I'm so glad to find that I wasn't the only one depressed about week 7. I found that it was really challenging to not only do the divining rods but finish the chapters! I did do the chapters, but didn't finish all the DRs. It did get me to thinking about how these rough patches, whether drinking, or troubles on the job, or being overwhelmed with life, can get to us, and that we have TOOLS to get out of that ditch. Thanks for sharing your post. You truly deserve the massage! I tried one for the first time on my vacation called "Ayurvedic,". It's an old Indian style coming back...interesting.

Anonymous said...

Week seven was hard! I'm hoping for some levity for the remaining month of this journey. Although as you said so perfectly in your last sentence, we ARE all so pathetic and beautiful - it's nice to be recognized quirks and all. Here's to a good week 8!!

Anonymous said...

crap girl! you've been having it rough. did you get the massage?

i'm your excited journal sender. shoot me an e-mail with your snail mail, k?

one4lite@yahoo.com

MAHIMA said...

OMG JESSIE!
ofcourse i have visited your blog before!! when you emailed me i didn't realise! but i got here, saw DIARY OF A SELF PORTRAIT and it clicked. :)
i love your blog too!!!!
I'm so excited to receive something from you in the mail!!! :)
also,
I'm a mailartist so i'd like to send you something (small):) maybe a little art. or a little writing.
would you mind sending me your snailmail address as well?
thanks.
love,
mahima.
:):)

June said...

I can really relate to much of what you stated in your post. I am in that "in between place" as well. At other times in my life this would have been considered a form of torture...but not now. Just as you stated, "put your trust in the universe"... it is the same thing as putting trust in ourselves. Thanks for such a good read.
June

Anonymous said...

oh, sweetie. i've read this post before - i don't know why i didn't comment.

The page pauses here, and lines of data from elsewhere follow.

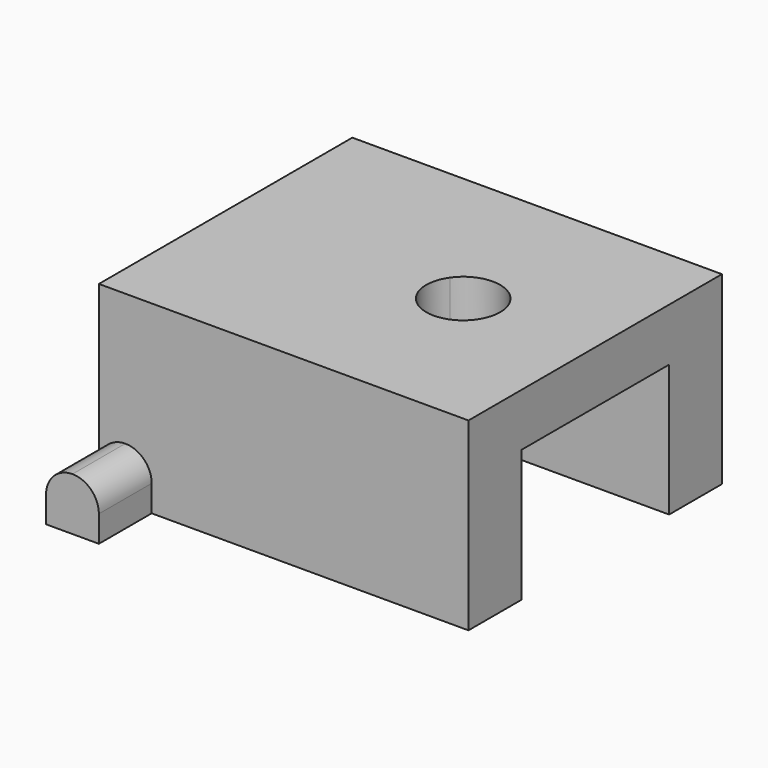
from build123d import *

# Parameters (mm, degrees)
F0_W          = 2.54
F0_H          = 2.54
F1_DEPTH      = 21.59
F3_DEPTH      = 2.54
F3_DEPTH_BACK = 2.54
F5_DEPTH      = 12.7
F7_DEPTH      = 25.4
F8_R          = 1.26999


# Not quite as in the source:
# - a fillet or chamfer is up to 0.001 mm smaller than in the source, because OpenCascade refuses the exact size


with BuildPart() as f1:
    # F0 (on Front) → F1 (new body)
    with BuildSketch(Plane.XZ):
        with Locations((1.27, 1.27)):
            Rectangle(F0_W, F0_H)
    extrude(amount=F1_DEPTH)

    # F2 (on face) → F3 (join, two sides)
    with BuildSketch(Plane.YZ.offset(2.54)) as f3_sk:
        Polygon((-18.415, 8.89), (-18.415, 2.54), (-18.415, 0), (-3.175, 0), (-3.175, 2.54), (-3.175, 8.89), align=None)
    extrude(amount=F3_DEPTH)
    extrude(f3_sk.sketch, amount=-F3_DEPTH_BACK)

    # F4 (on face) → F5 (join)
    with BuildSketch(Plane.YZ.offset(5.08)):
        Polygon((-18.415, 8.89), (-18.415, 0), (-15.24, 0), (-15.24, 6.35), (-6.35, 6.35), (-6.35, 0), (-3.175, 0), (-3.175, 8.89), align=None)
    extrude(amount=F5_DEPTH)

    # F6 (on face) → F7 (cut)
    with BuildSketch(Plane(origin=(0, 0, 6.35), x_dir=(1, 0, 0), z_dir=(0, 0, -1))):
        with BuildLine():
            ThreePointArc((12.8865943547, 11.8146160483), (10.4103839517, 12.2515943547), (9.9734056453, 9.7753839517))
            Line((9.9734056453, 9.7753839517), (12.8865943547, 11.8146160483))
        make_face()
        with BuildLine():
            Line((12.8865943547, 11.8146160483), (9.9734056453, 9.7753839517))
            ThreePointArc((9.9734056453, 9.7753839517), (11.9645368263, 9.099254034), (13.208, 10.795))
            ThreePointArc((13.208, 10.795), (13.125745966, 11.3295368263), (12.8865943547, 11.8146160483))
        make_face()
    extrude(amount=-F7_DEPTH, mode=Mode.SUBTRACT)

    # F8 (radius 1.27 in the source; OpenCascade refuses exactly that, so slightly less here)
    f8_edges = [f1.edges().sort_by_distance(p)[0] for p in [
        (0, -1.5875, 2.54),
        (2.54, -1.5875, 2.54),
        (0, -20.0025, 2.54),
        (2.54, -20.0025, 2.54),
    ]]
    fillet(f8_edges, radius=F8_R)


solid = f1.part

i am with you. i hope that all the pampering you deserve comes your way, soon. i'm going to send you something that may help.

Anonymous said...

Hello,

I'm new to your blog and just find it to be delightful!

I'm not doing the Finding Water book at this point but I love Cameron's works and am enjoying the journey that some of you are taking through it. It is inspiring to see all that you experience.

Thanks for sharing it all here and for doing so in such a profound and beautiful way.